Stored data entries:
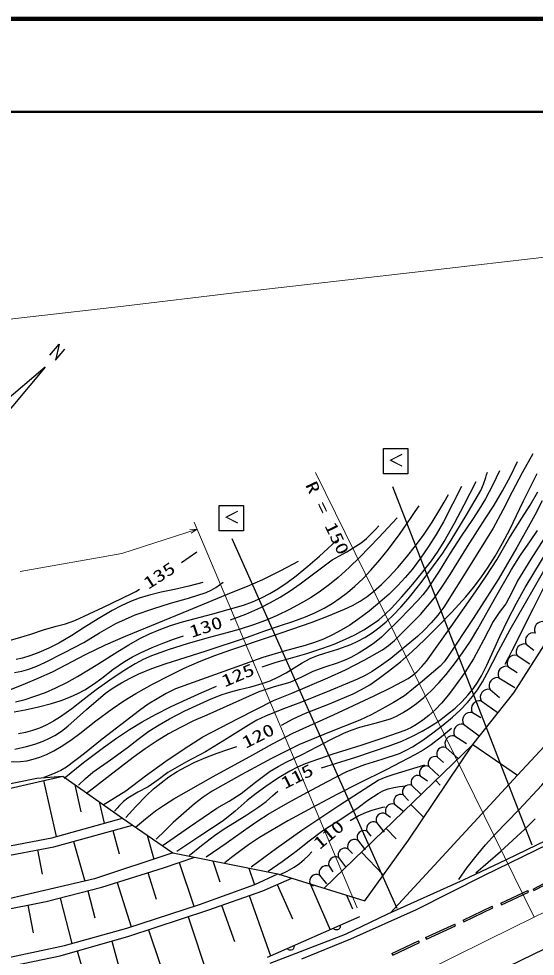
# Model space of a CAD drawing. Units: millimetres, scale not verified. Extents: x 40000 to 680000, y 20000 to 380000.
# Drawn here: x 435856 to 491395, y 279162 to 380000 of the extents above; entities that cross this region are included whole.
import ezdxf
from ezdxf.enums import TextEntityAlignment as Align

# ---------------------------------------------------------------- set-up
doc = ezdxf.new("R2010")
doc.units = ezdxf.units.MM
doc.header["$LTSCALE"] = 1000
doc.linetypes.add('CHAIN', pattern=[18.5, 12, -1.5, 3.5, -1.5])
for name, color, linetype, lineweight in [('M-BGD', 7, 'Continuous', 25), ('M-BGD-EXST', 7, 'Continuous', 25), ('M-BMK', 2, 'CHAIN', 13), ('M-BMK-SRVR', 3, 'Continuous', 25), ('M-STR-HTXT', 7, 'Continuous', 13), ('M-TTL', 2, 'Continuous', 140), ('M-TTL-LINE', 7, 'Continuous', 50)]:
    doc.layers.add(name, color=color, linetype=linetype, lineweight=lineweight)
doc.styles.add('ＭＳ ゴシック', font='')
doc.styles.get('ＭＳ ゴシック').set_extended_font_data('MS Gothic')

msp = doc.modelspace()

# ---------------------------------------------------------------- linework, layer by layer
at = {"layer": 'M-BGD'}
for p, q in [((489090, 307505), (493984, 315187)), ((490416, 312721), (491258, 312089)), ((489437, 311519), (490825, 310603)), ((488458, 310318), (489462, 309673)), ((487480, 309116), (489214, 308063)), ((486530, 307867), (487541, 307010)), ((484696, 301928), (489090, 307505)), ((485580, 306617), (487418, 305337)), ((484630, 305368), (485559, 304842)), ((483680, 304119), (485373, 302859)), ((482730, 302870), (484010, 302054)), ((484696, 301928), (468697, 286478)), ((477771, 291662), (484696, 301928)), ((481780, 301620), (483143, 300381)), ((484696, 301928), (489495, 298648)), ((492373, 301769), (489495, 298648)), ((480860, 300603), (481533, 300010)), ((479940, 299585), (481037, 298585)), ((428216, 295724), (440583, 298527)), ((437784, 298332), (440583, 298527)), ((440583, 298527), (446997, 294017)), ((489495, 298648), (475816, 283838)), ((479019, 298567), (479798, 298027)), ((431602, 297050), (437784, 298332)), ((438522, 298060), (439888, 292030)), ((441889, 297608), (442546, 294710)), ((478099, 297550), (479179, 296541)), ((480696, 298066), (481169, 297576)), ((477179, 296532), (477754, 295921)), ((444503, 295771), (445025, 293466)), ((476258, 295514), (477258, 294744)), ((478030, 295490), (479332, 294142)), ((475338, 294496), (475833, 294125)), ((439415, 291898), (446997, 294017)), ((446997, 294017), (452434, 290285)), ((474318, 293553), (475152, 292514)), ((439642, 290923), (448072, 293279)), ((445965, 292690), (446663, 290190)), ((473298, 292610), (473727, 292081)), ((475363, 292915), (476453, 291787)), ((428852, 289923), (439415, 291898)), ((441749, 291512), (442944, 287239)), ((449680, 292176), (450398, 289609)), ((472278, 291667), (473108, 290594)), ((473077, 285115), (477771, 291662)), ((488298, 289554), (492596, 291662)), ((429012, 288935), (439642, 290923)), ((437870, 290592), (438357, 287988)), ((471259, 290723), (471745, 290222)), ((492813, 291211), (485819, 287824)), ((452434, 290285), (444002, 287485)), ((451404, 288678), (454803, 289811)), ((452434, 290285), (463708, 288030)), ((456738, 289424), (457492, 287164)), ((470239, 289780), (471002, 288797)), ((472697, 290340), (475026, 287928)), ((483682, 287382), (488298, 289554)), ((444778, 286589), (451404, 288678)), ((453103, 289245), (454672, 284538)), ((460609, 288650), (461211, 286845)), ((469219, 288837), (469639, 288240)), ((444002, 287485), (437556, 285992)), ((449747, 288156), (450645, 285310)), ((461253, 286888), (463708, 288030)), ((462109, 286206), (465213, 287562)), ((463708, 288030), (473077, 285115)), ((468199, 287893), (468957, 286939)), ((485819, 287824), (478602, 284150)), ((491161, 286394), (493459, 287587)), ((491253, 286217), (493551, 287410)), ((438809, 285037), (444778, 286589)), ((446435, 287111), (447943, 282329)), ((455284, 284739), (461253, 286888)), ((463661, 286884), (465279, 283180)), ((467179, 286950), (467533, 286753)), ((467179, 286950), (469338, 282008)), ((475547, 283717), (483682, 287382)), ((491161, 286394), (491253, 286217)), ((437556, 285992), (430632, 284381)), ((440302, 285425), (441572, 280541)), ((443286, 286201), (444041, 283299)), ((456188, 284118), (462109, 286206)), ((460628, 285684), (462916, 279196)), ((471111, 285726), (471756, 284251)), ((487697, 284885), (490597, 286233)), ((487781, 284704), (490681, 286052)), ((490681, 286052), (490597, 286233)), ((430871, 283485), (438809, 285037)), ((436825, 284649), (437407, 281673)), ((447464, 282172), (455284, 284739)), ((457668, 284640), (459038, 280754)), ((483632, 283028), (486764, 284535)), ((485241, 276499), (503309, 285292)), ((486850, 284355), (486764, 284535)), ((487697, 284885), (487781, 284704)), ((447701, 281312), (456188, 284118)), ((454066, 283417), (456219, 276904)), ((462604, 279059), (472530, 283426)), ((470977, 281545), (475547, 283717)), ((478602, 284150), (471516, 281000)), ((483719, 282847), (486850, 284355)), ((479611, 281167), (482734, 282602)), ((479694, 280985), (482817, 282421)), ((482817, 282421), (482734, 282602)), ((483632, 283028), (483719, 282847)), ((440779, 280322), (447464, 282172)), ((449822, 282014), (451097, 278157)), ((462877, 278423), (470977, 281545)), ((440295, 279224), (447701, 281312)), ((445849, 280790), (447669, 274337)), ((471516, 281000), (466268, 278857)), ((475982, 279464), (478852, 280826)), ((476068, 279284), (478938, 280646)), ((478938, 280646), (478852, 280826)), ((479611, 281167), (479694, 280985)), ((432900, 278651), (440779, 280322)), ((442147, 279746), (443237, 275878)), ((475982, 279464), (476068, 279284)), ((433143, 277719), (440295, 279224))]:
    msp.add_line(p, q, dxfattribs=at)
for points in [[(502700, 337998), (501708, 336838), (500761, 335638), (500216, 334853), (499722, 334036), (497772, 330152), (495880, 326246), (494648, 323584), (493358, 320939), (491127, 316480), (488884, 312018), (488513, 311288), (488142, 310558)], [(491129, 333187), (489993, 331165), (488906, 329107), (487908, 327138), (486854, 325191), (484232, 320947), (481569, 316718), (480915, 315845), (480215, 315012), (479495, 314263), (478725, 313550), (477310, 312357), (475853, 311206), (474876, 310473), (473866, 309792), (473094, 309356), (472293, 308972), (469286, 307710), (466254, 306504), (464307, 305772), (462386, 304984), (461462, 304539), (460556, 304035), (458266, 302567), (455936, 301145), (453901, 300058), (451902, 298922), (450857, 298132), (449769, 297386), (448656, 296807), (447583, 296180), (447117, 295798), (446680, 295360), (446423, 295077), (446163, 294781)], [(444918, 295451), (446168, 296184), (447384, 296967), (449502, 298583), (451665, 300156), (453642, 301474), (455664, 302749), (459441, 304731), (463242, 306658), (465215, 307448), (467171, 308298), (469083, 309113), (470976, 309987), (472991, 311020), (474975, 312105), (475629, 312589), (476256, 313129), (477671, 314509), (479048, 315935), (479820, 316809), (480552, 317727), (481415, 318962), (482234, 320240), (484098, 323237), (486012, 326199), (486974, 327695), (487889, 329229), (488717, 330789), (489501, 332373)], [(442284, 297551), (443034, 298286), (443821, 298973), (445709, 300275), (447566, 301629), (448686, 302517), (449841, 303356), (450945, 304059), (452081, 304712), (453706, 305542), (455370, 306324), (456541, 306847), (457730, 307314), (458662, 307608), (459607, 307844), (460819, 308136), (462022, 308489), (462879, 308801), (463711, 309170), (464609, 309655), (465489, 310199), (466325, 310714), (467195, 311179), (467968, 311494), (468765, 311754), (470169, 312198), (471558, 312701), (472331, 313047), (473079, 313449), (473849, 313936), (474588, 314475), (475379, 315131), (476128, 315832), (476957, 316700), (477747, 317615), (479130, 319365), (480466, 321152), (481441, 322517), (482364, 323914), (483984, 326564), (485558, 329254), (485848, 329941), (486081, 330648), (486164, 330935), (486245, 331223)], [(487538, 331367), (486821, 329859), (486047, 328373), (485370, 327245), (484635, 326138), (483415, 324345), (482245, 322521), (481055, 320586), (479810, 318676), (479308, 318032), (478754, 317420), (476829, 315436), (474856, 313491), (474109, 312888), (473325, 312333), (472460, 311794), (471567, 311308), (470843, 310975), (470086, 310693), (468765, 310261), (467468, 309773), (466248, 309168), (465009, 308621), (463329, 308150), (461667, 307620), (458888, 306333), (456088, 305102), (454656, 304466), (453240, 303772), (451971, 303072), (450731, 302320), (449433, 301455), (448170, 300542), (445635, 298587), (443098, 296649)], [(464096, 304032), (465372, 304690), (466685, 305299), (469266, 306316), (471817, 307385), (472719, 307852), (473593, 308372), (474621, 309064), (475627, 309814), (476890, 310834), (478119, 311903), (479527, 313221), (480901, 314589), (482431, 316188), (483915, 317826), (484755, 318827), (485548, 319865), (486335, 321008), (487078, 322194), (487888, 323611), (488649, 325065), (490105, 328088), (491617, 331091)], [(462042, 310276), (463542, 310780), (465067, 311228), (466826, 311729), (468568, 312287), (469786, 312742), (470984, 313254), (471985, 313739), (472968, 314283), (473779, 314797), (474563, 315365), (475272, 315962), (475941, 316603), (477019, 317771), (478057, 318982), (479173, 320318), (480243, 321693), (480949, 322719), (481606, 323782), (482704, 325737), (483753, 327725), (484389, 328969), (485025, 330225)], [(433655, 300039), (436032, 300098), (436727, 300190), (437420, 300344), (438136, 300573), (438837, 300860), (439637, 301259), (440424, 301719), (441445, 302404), (442425, 303135), (444135, 304483), (445888, 305788), (447156, 306624), (448458, 307410), (450246, 308416), (452062, 309369), (453657, 310137), (455276, 310850), (456948, 311514), (458649, 312125), (463035, 313588), (467396, 315105), (469157, 315766), (470900, 316485), (471754, 316900), (472578, 317367), (473314, 317863), (474016, 318410), (474852, 319145), (475644, 319922), (476620, 320978), (477558, 322082), (478520, 323297), (479433, 324549), (480308, 325863), (481132, 327209), (481607, 328020), (482083, 328842)], [(483447, 329690), (482511, 327777), (481517, 325884), (480735, 324538), (479901, 323223), (479051, 321987), (478146, 320778), (477416, 319891), (476634, 319036), (475681, 318116), (474684, 317239), (473520, 316278), (472321, 315367), (471447, 314773), (470528, 314221), (469589, 313725), (468615, 313279), (467656, 312905), (466668, 312584), (464386, 311963), (462118, 311283), (457414, 309618), (452722, 307912), (451715, 307418), (450727, 306866), (449770, 306262), (448848, 305610), (446845, 304036), (444809, 302512), (442922, 300986), (440997, 299507), (440379, 299153), (439721, 298847), (439137, 298611), (438546, 298389)], [(448414, 293037), (449469, 293945), (450560, 294803), (451532, 295464), (452547, 296081), (456770, 298485), (461027, 300840), (463156, 302018), (465315, 303144), (469712, 305135), (474086, 307181), (475913, 308081), (477718, 309037), (478215, 309379), (478675, 309769), (479201, 310311), (479694, 310907), (482368, 314625), (484973, 318349), (486133, 320058), (487248, 321808), (488567, 324060), (489938, 326281), (490840, 327686), (491689, 329118)], [(492122, 328133), (491359, 326607), (489419, 323142), (487422, 319696), (484722, 315504), (481970, 311329), (481587, 310834), (481154, 310373), (479273, 308758), (477350, 307186), (476158, 306452), (474934, 305769), (473739, 305143), (472519, 304571), (469274, 303276), (466049, 301924), (464525, 301202), (463027, 300425), (459828, 298706), (456653, 296931), (455690, 296267), (454754, 295546), (453593, 294561), (452473, 293533), (451558, 292652), (450646, 291756)], [(435430, 301451), (436687, 301738), (437592, 301988), (438465, 302291), (439106, 302569), (439729, 302907), (440448, 303381), (441134, 303906), (443138, 305699), (445194, 307457), (446023, 308035), (446891, 308567), (447819, 309073), (448776, 309525), (450163, 310096), (451583, 310614), (456022, 312024), (460446, 313493), (462209, 314135), (463991, 314720), (465339, 315161), (466682, 315665), (467702, 316112), (468696, 316613), (469554, 317109), (470387, 317661), (471206, 318283), (471988, 318952), (472878, 319801), (473725, 320693), (474694, 321808), (475617, 322962), (476861, 324642), (478058, 326360), (478487, 326990), (478915, 327621)], [(476556, 326331), (474573, 324194), (472544, 322097), (471396, 320980), (470201, 319902), (469282, 319148), (468319, 318436), (467293, 317760), (466234, 317134), (464952, 316453), (463633, 315822), (462385, 315282), (461106, 314796), (459670, 314337), (458216, 313935), (456090, 313377), (453981, 312762), (452045, 312152), (450121, 311482), (449240, 311079), (448383, 310622), (446992, 309763), (445632, 308853), (444173, 307811), (442739, 306714), (441555, 305786), (440330, 304903), (439593, 304442), (438815, 304028), (438093, 303707), (437344, 303441), (436596, 303238), (435835, 303094)], [(451269, 291037), (454199, 293089), (457170, 295096), (458480, 295850), (459764, 296659), (461317, 297893), (462908, 299080), (463741, 299589), (464614, 300050), (466317, 300862), (467995, 301728), (469417, 302481), (470866, 303181), (471697, 303524), (472549, 303810), (474188, 304223), (475815, 304696), (476482, 304984), (477135, 305333), (477890, 305813), (478613, 306345), (479420, 307006), (480192, 307718), (481014, 308563), (481799, 309457), (482709, 310605), (483570, 311786), (484426, 313065), (485231, 314376), (487009, 317585), (488842, 320768), (489825, 322319), (490867, 323850), (491631, 324964)], [(458633, 315334), (460262, 315973), (461874, 316670), (462927, 317195), (463955, 317774), (465056, 318468), (466125, 319213), (467830, 320525), (469572, 321790), (471132, 322676), (472660, 323614), (473243, 324093), (473796, 324626), (474177, 325025), (474559, 325440)], [(435515, 306516), (436557, 306788), (437592, 307120), (438727, 307546), (439845, 308032), (441019, 308609), (442165, 309240), (444350, 310569), (446515, 311955), (447685, 312672), (448890, 313340), (449906, 313834), (450956, 314279), (452191, 314724), (453451, 315116), (456730, 315988), (460006, 316922), (460999, 317288), (461969, 317709), (462855, 318165), (463714, 318675), (464720, 319350), (465699, 320080), (466954, 321105), (468178, 322181), (469106, 323033), (470027, 323894)], [(492392, 324165), (490926, 321870), (489504, 319533), (488895, 318293), (488230, 317079), (487525, 316148), (486870, 315185), (485846, 313159), (484764, 311151), (483806, 309674), (482800, 308233), (482083, 307297), (481317, 306398), (480657, 305713), (479948, 305064), (479314, 304559), (478638, 304098), (478015, 303745), (477363, 303445), (475016, 302617), (472641, 301843), (469635, 300889), (466643, 299875), (465816, 299502), (465007, 299070), (463693, 298268), (462411, 297414), (461402, 296680), (460428, 295897), (459142, 294783), (457821, 293719), (455319, 292092), (452849, 290420)], [(456009, 289846), (458159, 291318), (460275, 292839), (461451, 293666), (462669, 294448), (464776, 295659), (466921, 296821), (468970, 297926), (471054, 298982), (472045, 299402), (473066, 299770), (474935, 300346), (476791, 300980), (477516, 301312), (478213, 301697), (479322, 302413), (480398, 303179), (481466, 304002), (482506, 304879), (483323, 305639), (484103, 306447), (484665, 307110), (485179, 307807), (485731, 308694), (486239, 309623), (487439, 311978), (488690, 314299), (491183, 318616), (493642, 322961)], [(468413, 299427), (472111, 300593), (475798, 301819), (477043, 302314), (478266, 302865), (479242, 303370), (480188, 303928), (481095, 304532), (481970, 305187), (482772, 305858), (483534, 306576), (484144, 307227), (484714, 307924), (485193, 308609), (485622, 309327), (486204, 310465), (486737, 311642), (487578, 313540), (488470, 315404), (489368, 317127), (490321, 318825), (492896, 323098)], [(453344, 321518), (454179, 322093), (455012, 322671)], [(465898, 321608), (463999, 320601), (462065, 319645), (460401, 318919), (458712, 318248), (454110, 316341), (449486, 314453), (447301, 313564), (445131, 312616), (442997, 311570), (440878, 310465), (439445, 309735), (437984, 309059), (436311, 308349), (434589, 307683)], [(435408, 309681), (436174, 309835), (436935, 310051), (437805, 310376), (438653, 310757), (440764, 311816), (442839, 312925), (444556, 313964), (446302, 314950), (447333, 315436), (448389, 315868), (450268, 316528), (452168, 317132), (454098, 317677), (456009, 318279), (456546, 318533), (457054, 318840), (457436, 319109), (457821, 319397)], [(455646, 319360), (454144, 318956), (452618, 318608), (451180, 318323), (449756, 317980), (448797, 317674), (447857, 317312), (446865, 316860), (445900, 316354), (444388, 315459), (442906, 314513), (441546, 313656), (440156, 312850), (439097, 312315), (438008, 311833), (437148, 311502), (436260, 311226), (435571, 311070)], [(422452, 315749), (423523, 315108), (424624, 314520), (425322, 314211), (426051, 313956), (427042, 313695), (428054, 313491), (429907, 313159), (431751, 312890), (432485, 312866), (433233, 312902), (434097, 313009), (434965, 313177), (436068, 313470), (437160, 313822), (438513, 314270), (439887, 314661), (440891, 314931), (441873, 315258), (444965, 316693), (448028, 318182), (448440, 318409), (448850, 318637)], [(435358, 305452), (436535, 305655), (437969, 305975), (439393, 306354), (440420, 306677), (441421, 307055), (442200, 307409), (442950, 307816), (443876, 308420), (444779, 309082), (445983, 309996), (447220, 310859), (448095, 311376), (449009, 311847), (450216, 312387), (451449, 312873), (452506, 313257), (453575, 313629)], [(483189, 287420), (484081, 288695), (485027, 289942), (486038, 291140), (487094, 292299), (489617, 294917), (492098, 297578), (493465, 299130), (494784, 300720), (495758, 301985), (496691, 303296), (497812, 305000), (498882, 306735), (499793, 308274), (500692, 309821)], [(440725, 298307), (442824, 299986), (444968, 301625), (446351, 302610), (447768, 303545), (449136, 304370), (450543, 305149), (452245, 306013), (453981, 306826), (455549, 307526), (457117, 308217)], [(482395, 303651), (481309, 302750), (480188, 301899), (479330, 301336), (478431, 300819), (475427, 299248), (472400, 297732), (470138, 296606), (467893, 295423), (464805, 293713), (461743, 291949), (460576, 291162), (459443, 290325), (458730, 289774), (458021, 289218)], [(447386, 294075), (448459, 295277), (449582, 296445), (450344, 297152), (451155, 297820), (452012, 298448), (452903, 299026), (453825, 299553), (454783, 300030), (455967, 300539), (457183, 300996), (458234, 301358), (459291, 301707)], [(460846, 288787), (463560, 290777), (466310, 292718), (470389, 295435), (474512, 298106), (475357, 298454), (476229, 298747), (477884, 299238), (479522, 299753)], [(462666, 288308), (464187, 289361), (465672, 290462), (467099, 291592), (468560, 292671), (470473, 293891), (472350, 295160), (473404, 295934), (474499, 296663), (475021, 296938), (475576, 297161), (476181, 297320), (476812, 297424), (477161, 297465), (477511, 297502)], [(454184, 289981), (455522, 291092), (456894, 292154), (457948, 292877), (459046, 293557), (460384, 294365), (461685, 295222), (462454, 295808), (463193, 296448), (463444, 296677), (463702, 296914)], [(471501, 293781), (472352, 294248), (473235, 294663), (473976, 294923), (474749, 295129), (474993, 295187), (475237, 295244)], [(485020, 288118), (487658, 290442), (490263, 292817), (491397, 293927)], [(463907, 287934), (464706, 288310), (465480, 288741), (466029, 289132), (466552, 289580), (466967, 289974), (467381, 290386)], [(470414, 282496), (470422, 282399), (470410, 282308), (470376, 282197), (470314, 282117), (470240, 282054), (470126, 282004), (470029, 281992), (469929, 282000), (469822, 282049), (469747, 282101), (469682, 282173)], [(465451, 280312), (465459, 280215), (465447, 280124), (465413, 280013), (465351, 279934), (465277, 279870), (465163, 279820), (465066, 279808), (464966, 279816), (464859, 279866), (464784, 279918), (464719, 279990)]]:
    msp.add_lwpolyline(points, dxfattribs=at)
for centre, radius, start, end in [((492156, 314303), 851, 75.17953, 206.49945), ((491177, 313101), 851, 75.17953, 206.49945), ((490198, 311899), 851, 75.17953, 206.49945), ((489219, 310697), 851, 75.17953, 206.49945), ((488241, 309495), 851, 75.17953, 206.49945), ((487296, 308270), 866, 77.74236, 207.76396), ((486346, 307021), 866, 77.74236, 207.76396), ((485396, 305771), 866, 77.74236, 207.76396), ((484446, 304522), 866, 77.74236, 207.76396), ((483496, 303273), 866, 77.74236, 207.76396), ((482546, 302024), 866, 77.74236, 207.76396), ((481532, 300920), 743, 70.49532, 205.25559), ((480612, 299902), 743, 70.49532, 205.25559), ((479692, 298884), 743, 70.49532, 205.25559), ((478771, 297867), 743, 70.49532, 205.25559), ((477851, 296849), 743, 70.49532, 205.25559), ((476930, 295831), 743, 70.49532, 205.25559), ((476010, 294814), 743, 70.49532, 205.25559), ((475024, 293812), 752, 65.38703, 200.1473), ((474005, 292869), 752, 65.38703, 200.1473), ((472985, 291926), 752, 65.38703, 200.1473), ((471965, 290982), 752, 65.38703, 200.1473), ((470945, 290039), 752, 65.38703, 200.1473), ((469925, 289096), 752, 65.38703, 200.1473), ((468905, 288153), 752, 65.38703, 200.1473), ((467886, 287209), 752, 65.38703, 200.1473)]:
    msp.add_arc(centre, radius, start, end, dxfattribs=at)
at = {"layer": 'M-BGD-EXST'}
for p, q in [((475068, 331042), (475068, 333777)), ((475068, 333777), (477702, 333777)), ((477702, 333777), (477702, 331042)), ((477702, 331042), (475068, 331042)), ((476039, 329689), (491035, 291155)), ((457400, 324920), (457400, 327655)), ((457400, 327655), (460034, 327655)), ((460034, 327655), (460034, 324920)), ((460034, 324920), (457400, 324920)), ((458765, 324089), (476514, 284321))]:
    msp.add_line(p, q, dxfattribs=at)
at = {"layer": 'M-BMK'}
for p, q in [((491296, 283383), (551171, 312483)), ((486201, 280871), (491296, 283383)), ((478810, 277212), (486201, 280871))]:
    msp.add_line(p, q, dxfattribs=at)
at = {"layer": 'M-BMK-SRVR'}
for p, q in [((439195, 343799), (440185, 344982)), ((440185, 344982), (439806, 343281)), ((439806, 343281), (440794, 344474)), ((438694, 342521), (422644, 323353)), ((438694, 342521), (434075, 338563))]:
    msp.add_line(p, q, dxfattribs=at)
at = {"layer": 'M-STR-HTXT'}
for p, q in [((479418, 352845), (494191, 354549)), ((459038, 350510), (479418, 352845)), ((447115, 349084), (459038, 350510)), ((432903, 347460), (447115, 349084)), ((467773, 331190), (491296, 283383)), ((472255, 284357), (454722, 325863)), ((455045, 325098), (446955, 322495)), ((436005, 320529), (446955, 322495))]:
    msp.add_line(p, q, dxfattribs=at)
msp.add_lwpolyline([(454265, 325074), (455045, 325098), (454396, 324665)], dxfattribs=at)
at = {"layer": 'M-TTL'}
msp.add_line((680000, 380000), (40000, 380000), dxfattribs=at)
at = {"layer": 'M-TTL-LINE'}
msp.add_line((40000, 370000), (680000, 370000), dxfattribs=at)

# ---------------------------------------------------------------- texts
at = {"layer": 'M-BGD', "style": 'ＭＳ ゴシック', "width": 1.35}
for s, rotation, p in [('135', 32.9, (450011, 318244)), ('130', 18.3, (454577, 313022)), ('125', 23.1, (458159, 307713)), ('120', 26.8, (460443, 301115)), ('115', 26.8, (464640, 296746)), ('110', 40.1, (468469, 290277))]:
    msp.add_text(s, height=1320, rotation=rotation, dxfattribs=at).set_placement(p, align=Align.BOTTOM_LEFT)
at = {"layer": 'M-BGD-EXST', "style": 'ＭＳ ゴシック'}
for p in [(475519, 331443), (457850, 325322)]:
    msp.add_text('＜', height=1320, dxfattribs=at).set_placement(p, align=Align.BOTTOM_LEFT)
at = {"layer": 'M-STR-HTXT', "style": 'ＭＳ ゴシック', "width": 1.35}
msp.add_text('R = 150', height=1320, rotation=295.4, dxfattribs=at).set_placement((466275, 329687), align=Align.BOTTOM_LEFT)

doc.saveas('drawing.dxf')

• _What this task involves_
What you give back should be exactly the lines of the data above from the line with "import ezdxf" through the line with "doc.linetypes.add('CHAIN', pattern=[18.5, 12, -1.5, 3.5, -1.5])", both of those included, and nothing more.

• _Task answer_
import ezdxf
from ezdxf.enums import TextEntityAlignment as Align

# ---------------------------------------------------------------- set-up
doc = ezdxf.new("R2010")
doc.units = ezdxf.units.MM
doc.header["$LTSCALE"] = 1000
doc.linetypes.add('CHAIN', pattern=[18.5, 12, -1.5, 3.5, -1.5])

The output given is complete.